[WORK INSTRUCTION] Report all lines below with the word "fillet".
DATA Start Marker
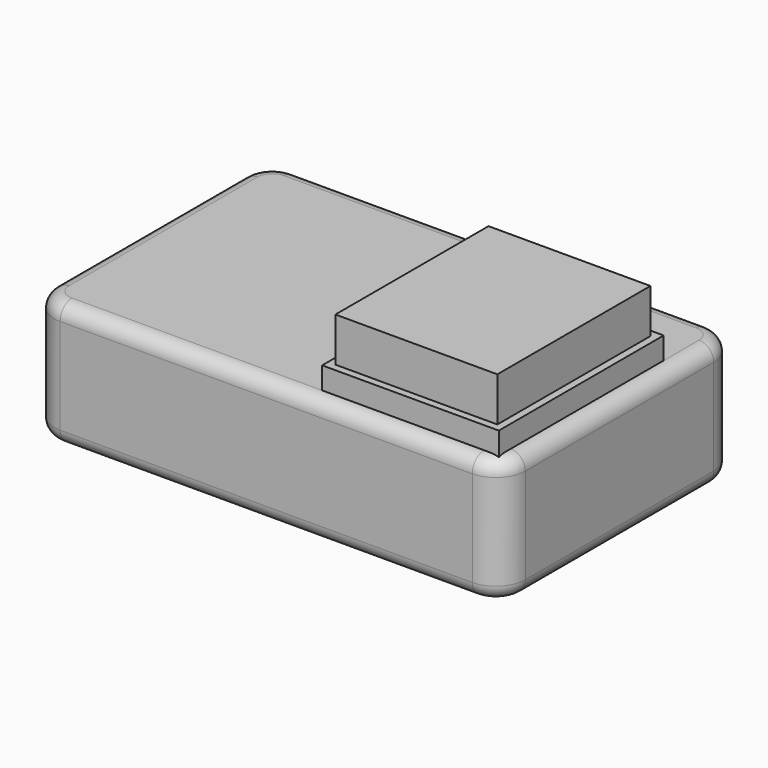
from build123d import *

# Parameters (mm, degrees)
F0_W         = 32
F0_H         = 20
F0_W_2       = 12
F0_H_2       = 14
F0_R         = 1.25
F0_W_3       = 11
F0_H_3       = 13
F1_DEPTH     = 8.5
F2_DEPTH     = 5
F3_R         = 2
F4_DEPTH     = 13
F5_DEPTH     = 10
F6_T1_DEPTH  = 28
F6_T3_DEPTH  = 16
F6_T6_ANGLE  = 90
F6_T8_ANGLE  = 90
F6_T10_ANGLE = 90
F6_T12_ANGLE = 90
F6_T14_ANGLE = 90
F6_T16_ANGLE = 90
F6_T20_ANGLE = 90
F6_T26_ANGLE = 90
F6_T32_ANGLE = 90
F6_T36_ANGLE = 90


# Not quite as in the source:
# - a fillet or chamfer that OpenCascade refuses, or shapes differently, is made with other operations: its cross-section is extruded or revolved along the edge and cut away or added


with BuildPart() as f1:
    # F0 (on Top) → F1 (new body)
    with BuildSketch(Plane.XY):
        Rectangle(F0_W, F0_H)
        with Locations((9, -2)):
            Rectangle(F0_W_2, F0_H_2, mode=Mode.SUBTRACT)
        with Locations((9.5, 7)):
            Circle(F0_R, mode=Mode.SUBTRACT)
        with Locations((9, -2)):
            Rectangle(F0_W_2, F0_H_2)
        with Locations((9, -2)):
            Rectangle(F0_W_3, F0_H_3, mode=Mode.SUBTRACT)
        with Locations((9, -2)):
            Rectangle(F0_W_3, F0_H_3)
    extrude(amount=F1_DEPTH)

    # F0 (on Top) → F2 (join)
    with BuildSketch(Plane.XY):
        with Locations((9.5, 7)):
            Circle(F0_R)
    extrude(amount=F2_DEPTH)

    # F3
    f3_edges = [f1.edges().sort_by_distance(p)[0] for p in [
        (-16, 10, 4.25),
        (-16, -10, 4.25),
        (16, -10, 4.25),
        (16, 10, 4.25),
    ]]
    fillet(f3_edges, radius=F3_R)

    # F0 (on Top) → F4 (join)
    with BuildSketch(Plane.XY):
        with Locations((9, -2)):
            Rectangle(F0_W_3, F0_H_3)
    extrude(amount=F4_DEPTH)

    # F0 (on Top) → F5 (join)
    with BuildSketch(Plane.XY):
        with Locations((9, -2)):
            Rectangle(F0_W_2, F0_H_2)
        with Locations((9, -2)):
            Rectangle(F0_W_3, F0_H_3, mode=Mode.SUBTRACT)
    extrude(amount=F5_DEPTH)

    # F6: fillet of radius 1 on 18 edges, made by hand

    # F6_s2 → F6_t1 (cut)
    with BuildSketch(Plane.YZ.offset(-14)):
        with BuildLine():
            ThreePointArc((-9, 0), (-9.7071067812, 0.2928932188), (-10, 1))
            Line((-10, 1), (-10, 0))
            Line((-10, 0), (-9, 0))
        make_face()
        with BuildLine():
            ThreePointArc((-9, 8.5), (-9.7071067812, 8.2071067812), (-10, 7.5))
            Line((-10, 7.5), (-10, 8.5))
            Line((-10, 8.5), (-9, 8.5))
        make_face()
        with BuildLine():
            ThreePointArc((10, 1), (9.7071067812, 0.2928932188), (9, 0))
            Line((9, 0), (10, 0))
            Line((10, 0), (10, 1))
        make_face()
        with BuildLine():
            ThreePointArc((10, 7.5), (9.7071067812, 8.2071067812), (9, 8.5))
            Line((9, 8.5), (10, 8.5))
            Line((10, 8.5), (10, 7.5))
        make_face()
    extrude(amount=F6_T1_DEPTH, mode=Mode.SUBTRACT)

    # F6_s4 → F6_t3 (cut)
    with BuildSketch(Plane.XZ.offset(-8)):
        with BuildLine():
            ThreePointArc((-15, 0), (-15.7071067812, 0.2928932188), (-16, 1))
            Line((-16, 1), (-16, 0))
            Line((-16, 0), (-15, 0))
        make_face()
        with BuildLine():
            ThreePointArc((15, 0), (15.7071067812, 0.2928932188), (16, 1))
            Line((16, 1), (16, 0))
            Line((16, 0), (15, 0))
        make_face()
        with BuildLine():
            ThreePointArc((15, 8.5), (15.7071067812, 8.2071067812), (16, 7.5))
            Line((16, 7.5), (16, 8.5))
            Line((16, 8.5), (15, 8.5))
        make_face()
        with BuildLine():
            ThreePointArc((-15, 8.5), (-15.7071067812, 8.2071067812), (-16, 7.5))
            Line((-16, 7.5), (-16, 8.5))
            Line((-16, 8.5), (-15, 8.5))
        make_face()
    extrude(amount=F6_T3_DEPTH, mode=Mode.SUBTRACT)

    # F6_s5 → F6_t6 (revolve, cut)
    with BuildSketch(Plane.YZ.offset(-14)):
        with BuildLine():
            ThreePointArc((9, 0), (9.7071067812, 0.2928932188), (10, 1))
            Line((10, 1), (10, 0))
            Line((10, 0), (9, 0))
        make_face()
    revolve(axis=Axis((-14, 8, 0), (0, 0, 1)), revolution_arc=F6_T6_ANGLE, mode=Mode.SUBTRACT)

    # F6_s7 → F6_t8 (revolve, cut)
    with BuildSketch(Plane.XZ.offset(8)):
        with BuildLine():
            ThreePointArc((-15, 0), (-15.7071067812, 0.2928932188), (-16, 1))
            Line((-16, 1), (-16, 0))
            Line((-16, 0), (-15, 0))
        make_face()
    revolve(axis=Axis((-14, -8, 0), (0, 0, 1)), revolution_arc=F6_T8_ANGLE, mode=Mode.SUBTRACT)

    # F6_s9 → F6_t10 (revolve, cut)
    with BuildSketch(Plane.XZ.offset(8)):
        with BuildLine():
            ThreePointArc((15, 0), (15.7071067812, 0.2928932188), (16, 1))
            Line((16, 1), (16, 0))
            Line((16, 0), (15, 0))
        make_face()
    revolve(axis=Axis((14, -8, 0), (0, 0, -1)), revolution_arc=F6_T10_ANGLE, mode=Mode.SUBTRACT)

    # F6_s11 → F6_t12 (revolve, cut)
    with BuildSketch(Plane.YZ.offset(14)):
        with BuildLine():
            ThreePointArc((9, 0), (9.7071067812, 0.2928932188), (10, 1))
            Line((10, 1), (10, 0))
            Line((10, 0), (9, 0))
        make_face()
    revolve(axis=Axis((14, 8, 0), (0, 0, -1)), revolution_arc=F6_T12_ANGLE, mode=Mode.SUBTRACT)

    # F6_s13 → F6_t14 (revolve, cut)
    with BuildSketch(Plane.YZ.offset(14)):
        with BuildLine():
            ThreePointArc((10, 7.5), (9.7071067812, 8.2071067812), (9, 8.5))
            Line((9, 8.5), (10, 8.5))
            Line((10, 8.5), (10, 7.5))
        make_face()
    revolve(axis=Axis((14, 8, 8.5), (0, 0, -1)), revolution_arc=F6_T14_ANGLE, mode=Mode.SUBTRACT)

    # F6_s15 → F6_t16 (revolve, cut)
    with BuildSketch(Plane.YZ.offset(-14)):
        with BuildLine():
            ThreePointArc((10, 7.5), (9.7071067812, 8.2071067812), (9, 8.5))
            Line((9, 8.5), (10, 8.5))
            Line((10, 8.5), (10, 7.5))
        make_face()
    revolve(axis=Axis((-14, 8, 8.5), (0, 0, 1)), revolution_arc=F6_T16_ANGLE, mode=Mode.SUBTRACT)


with BuildPart() as f6_tool18:
    # F6_s19 → F6_t20 (revolve)
    with BuildSketch(Plane.XZ.offset(8)):
        with BuildLine():
            ThreePointArc((15, 8.5), (15.7071067812, 8.2071067812), (16, 7.5))
            Line((16, 7.5), (16, 8.5))
            Line((16, 8.5), (15, 8.5))
        make_face()
    revolve(axis=Axis((14, -8, 8.5), (0, 0, -1)), revolution_arc=F6_T20_ANGLE)

    split(bisect_by=Plane.YZ.offset(15), keep=Keep.TOP)

    split(bisect_by=Plane.XZ.offset(9), keep=Keep.BOTTOM)


with BuildPart() as f1_1:
    add(f1.part)

    # F6_t17: cut F6_tool18
    add(f6_tool18.part, mode=Mode.SUBTRACT)


with BuildPart() as f6_tool24:
    # F6_s25 → F6_t26 (revolve)
    with BuildSketch(Plane.XZ.offset(8)):
        with BuildLine():
            ThreePointArc((15, 8.5), (15.7071067812, 8.2071067812), (16, 7.5))
            Line((16, 7.5), (16, 8.5))
            Line((16, 8.5), (15, 8.5))
        make_face()
    revolve(axis=Axis((14, -8, 8.5), (0, 0, -1)), revolution_arc=F6_T26_ANGLE)

    split(bisect_by=Plane.YZ.offset(15), keep=Keep.BOTTOM)

    split(bisect_by=Plane.XZ.offset(9), keep=Keep.TOP)


with BuildPart() as f1_2:
    add(f1_1.part)

    # F6_t23: cut F6_tool24
    add(f6_tool24.part, mode=Mode.SUBTRACT)


with BuildPart() as f6_tool30:
    # F6_s31 → F6_t32 (revolve)
    with BuildSketch(Plane.XZ.offset(8)):
        with BuildLine():
            ThreePointArc((15, 8.5), (15.7071067812, 8.2071067812), (16, 7.5))
            Line((16, 7.5), (16, 8.5))
            Line((16, 8.5), (15, 8.5))
        make_face()
    revolve(axis=Axis((14, -8, 8.5), (0, 0, -1)), revolution_arc=F6_T32_ANGLE)

    split(bisect_by=Plane.YZ.offset(15), keep=Keep.TOP)

    split(bisect_by=Plane.XZ.offset(9), keep=Keep.TOP)


with BuildPart() as f1_3:
    add(f1_2.part)

    # F6_t29: cut F6_tool30
    add(f6_tool30.part, mode=Mode.SUBTRACT)

    # F6_s35 → F6_t36 (revolve, cut)
    with BuildSketch(Plane.XZ.offset(8)):
        with BuildLine():
            ThreePointArc((-15, 8.5), (-15.7071067812, 8.2071067812), (-16, 7.5))
            Line((-16, 7.5), (-16, 8.5))
            Line((-16, 8.5), (-15, 8.5))
        make_face()
    revolve(axis=Axis((-14, -8, 8.5), (0, 0, 1)), revolution_arc=F6_T36_ANGLE, mode=Mode.SUBTRACT)


solid = f1_3.part
DATA End Marker
[ANSWER AREA]
# - a fillet or chamfer that OpenCascade refuses, or shapes differently, is made with other operations: its cross-section is extruded or revolved along the edge and cut away or added
    fillet(f3_edges, radius=F3_R)
    # F6: fillet of radius 1 on 18 edges, made by hand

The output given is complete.